Start of Stored data

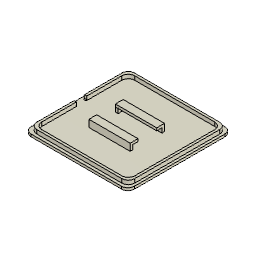
lid (Autodesk Fusion 360 design; units mm, degrees)
part number: 2025-11-17-17-24-12-968
Autodesk Fusion 360 part; units mm, degrees
sketch "Sketch1" plane through (0, 0, 0) normal (0, 0, 1) x (1, 0, 0)
box "BoxPrimitive1" add length 80 width 80 height 2 placed x (0, 1, 0) y (-1, 0, 0) z (0, 0, 1) at (80, 0, 0)
sketch "Sketch3" plane through (0, 0, 2) normal (0, 0, 1) x (-1, 0, 0)
  line L0 (-80, -80) -> (0, -80)
  line L1 (0, -80) -> (0, 0)
  line L2 (0, 0) -> (-80, 0)
  line L3 (-80, 0) -> (-80, -80)
  line L4 (-0.1, -80.1) -> (-80.1, -80.1)
  line L5 (-80.1, -80.1) -> (-80.1, -0.1)
  line L6 (-80.1, -0.1) -> (-0.1, -0.1)
  line L7 (-0.1, -0.1) -> (-0.1, -80.1)
  line L8 (-0.1, -80.1) -> (-80.1, -0.1) construction
  line L9 (-80.1, -80.1) -> (-0.1, -0.1) construction
  line L10 (-2.2, -78) -> (-78, -78)
  line L11 (-78, -78) -> (-78, -2.2)
  line L12 (-78, -2.2) -> (-2.2, -2.2)
  line L13 (-2.2, -2.2) -> (-2.2, -78)
  line L14 (-2.2, -78) -> (-78, -2.2) construction
  line L15 (-78, -78) -> (-2.2, -2.2) construction
  line L16 (-4.1, -76.1) -> (-76.1, -76.1)
  line L17 (-76.1, -76.1) -> (-76.1, -4.1)
  line L18 (-76.1, -4.1) -> (-4.1, -4.1)
  line L19 (-4.1, -4.1) -> (-4.1, -76.1)
  line L20 (-4.1, -76.1) -> (-76.1, -4.1) construction
  line L21 (-76.1, -76.1) -> (-4.1, -4.1) construction
  point P0 (-40.1, -40.1)
  point P1 (-40.1, -40.1)
  point P2 (-40.1, -40.1)
  dimension "d8" = 80
  dimension "d9" = 80
  dimension "d10" = 75.8
  dimension "d11" = 75.8
  dimension "d12" = 72
  dimension "d13" = 72
  constraint horizontal L4
  constraint perpendicular L4 L5
  constraint parallel L4 L6
  constraint parallel L5 L7
  constraint coincident L8 P2
  constraint coincident L9 P2
  constraint horizontal L10
  constraint perpendicular L10 L11
  constraint parallel L10 L12
  constraint parallel L11 L13
  constraint coincident L14 P2
  constraint coincident L15 P2
  constraint coincident P2 P1
  constraint horizontal L16
  constraint perpendicular L16 L17
  constraint parallel L16 L18
  constraint parallel L17 L19
  constraint coincident L20 P2
  constraint coincident L21 P2
  measures "d8" distance of L5.end L6.end
  measures "d9" distance of L4.end L5.end
  measures "d10" distance of L11.end L12.end
  measures "d11" distance of L10.end L11.end
  measures "d12" distance of L17.end L18.end
  measures "d13" distance of L16.end L17.end
extrude "Extrude1" add sketch "Sketch3" along normal blind 3 contours L10 L11 L12 L13
fillet "Fillet1" radius 5 12 edges at (80, 0, 1) (80, 80, 1) (78, 78, 3.5) (78, 2.2, 3.5) (2.2, 78, 3.5) (0, 80, 1) (2.2, 2.2, 3.5) (0, 0, 1) (76.1, 4.1, 3.5) (76.1, 76.1, 3.5) (4.1, 76.1, 3.5) (4.1, 4.1, 3.5)
sketch "Sketch4" plane through (0, 0, 0) normal (1, 0, 0) x (0, 1, 0)
  line L0 (80, 0) -> (0, 0)
  line L1 (44, 7) -> (36, 7)
  line L2 (44, 12) -> (36, 12)
  line L3 (36, 12) -> (36, 2)
  line L4 (36, 2) -> (44, 2)
  line L5 (44, 2) -> (44, 12)
  line L6 (44, 12) -> (36, 2) construction
  line L7 (36, 12) -> (44, 2) construction
  point P0 (40, 7)
  point P1 (40, 7)
  dimension "d24" = 8
  dimension "d25" = 10
  constraint coincident L0.end origin
  constraint horizontal L0
  constraint horizontal L2
  constraint perpendicular L2 L3
  constraint parallel L2 L4
  constraint parallel L3 L5
  constraint coincident L6 P1
  constraint coincident L7 P1
  constraint coincident P1 P0
  measures "d24" distance of L3.end L4.end
  measures "d25" distance of L2.end L3.end
extrude "Extrude2" cut sketch "Sketch4" along normal blind 5 contours L1 L3 L4 L5
fillet "Fillet2" radius 0.5 2 edges at (3.15, 44, 2) (3.15, 36, 2)
sketch "Sketch5" plane through (0, 0, 2) normal (0, 0, 1) x (-1, 0, 0)
  line L0 (-55, -51.25) -> (-25, -51.25)
  line L1 (-25, -51.25) -> (-25, -28.75)
  line L2 (-25, -28.75) -> (-55, -28.75)
  line L3 (-55, -28.75) -> (-55, -51.25)
  line L4 (-55, -51.25) -> (-25, -28.75) construction
  line L5 (-25, -51.25) -> (-55, -28.75) construction
  line L6 (-55, -40) -> (-25, -40) construction
  line L7 (-40, -51.25) -> (-40, -28.75) construction
  line L8 (-40, -51.25) -> (-40, -49.25) construction
  line L9 (-40, -49.25) -> (-55, -49.25)
  line L10 (-40, -49.25) -> (-25, -49.25)
  point P0 (-40, -40)
  dimension "d28" = 30
  dimension "d29" = 22.5
  dimension "d30" = 2
  constraint horizontal L0
  constraint perpendicular L0 L1
  constraint parallel L0 L2
  constraint parallel L1 L3
  constraint coincident L4 P0
  constraint coincident L5 P0
  constraint midpoint L3 L6.start
  constraint midpoint L1 L6.end
  constraint midpoint L0 L7.start
  constraint midpoint L2 L7.end
  constraint perpendicular L0 L8
  constraint coincident L3 L9.end
  constraint perpendicular L3 L9
  constraint coincident L1 L10.end
  constraint perpendicular L1 L10
  measures "d28" distance of L1.end L2.end
  measures "d29" distance of L0.end L1.end
  measures "d30" distance of L7.start L8.end
ref_plane "WorkPlane1" through (25, 40, 1) normal (-1, 0, 0) x (0, 0, 1)
ref_plane "WorkPlane2" through (55, 40, 1) normal (-1, 0, 0) x (0, 0, 1)
sketch "Sketch6" plane through (25, 0, 0) normal (-1, 0, 0) x (0, -1, 0)
  line L0 (-40, 2) -> (-53.25, 2)
  line L1 (-40, 2) -> (-49.25, 2)
  line L2 (-53.25, 2) -> (-53.25, 7.5)
  line L3 (-53.25, 7.5) -> (-47.25, 7.5)
  line L4 (-53.25, 2) -> (-51.25, 2)
  line L5 (-51.25, 2) -> (-51.25, 5.5)
  line L6 (-51.25, 5.5) -> (-47.25, 5.5)
  line L7 (-47.25, 7.5) -> (-47.25, 5.5)
  line L8 (-47.25, 5.5) -> (-47.25, 2)
  point P0 (-40, 2)
  point P1 (-49.25, 2)
  dimension "d33" = 13.25
  dimension "d34" = 5.5
  dimension "d35" = 6
  dimension "d37" = 2
  dimension "d47" = 3.5
  dimension "d48" = 4
  constraint coincident P0 L0.start
  constraint coincident P1 L1.end
  constraint perpendicular L0 L2
  constraint perpendicular L2 L3
  constraint perpendicular L2 L4
  constraint perpendicular L4 L5
  constraint perpendicular L5 L6
  constraint coincident L0 L8.end
  constraint perpendicular L0 L8
  measures "d33" distance of P0 L0.end
  measures "d34" distance of L0.end L2.end
  measures "d35" distance of L2.end L3.end
  measures "d37" distance of L0.end L4.end
  measures "d47" distance of L4.end L5.end
  measures "d48" distance of L5.end L6.end
extrude "Extrude3" add sketch "Sketch6" along normal blind -30 and the other way blind -2 contours L0 L2 L3 L4 L5 L6 L7
extrude "Extrude4" add sketch "Sketch6" along normal blind 2 contours L0 L1 L5 L6 L8
ref_plane "WorkPlane3" through (40, 40, 1) normal (0, 1, 0) x (0, 0, -1)
mirror "Mirror1" about plane through (40, 40, 1) normal (0, 1, 0) of "Extrude3", "Extrude4"

End of Stored data

**What is required:** When a line above contains the string "degrees", copy that line.

**Task output:**
lid (Autodesk Fusion 360 design; units mm, degrees)
Autodesk Fusion 360 part; units mm, degrees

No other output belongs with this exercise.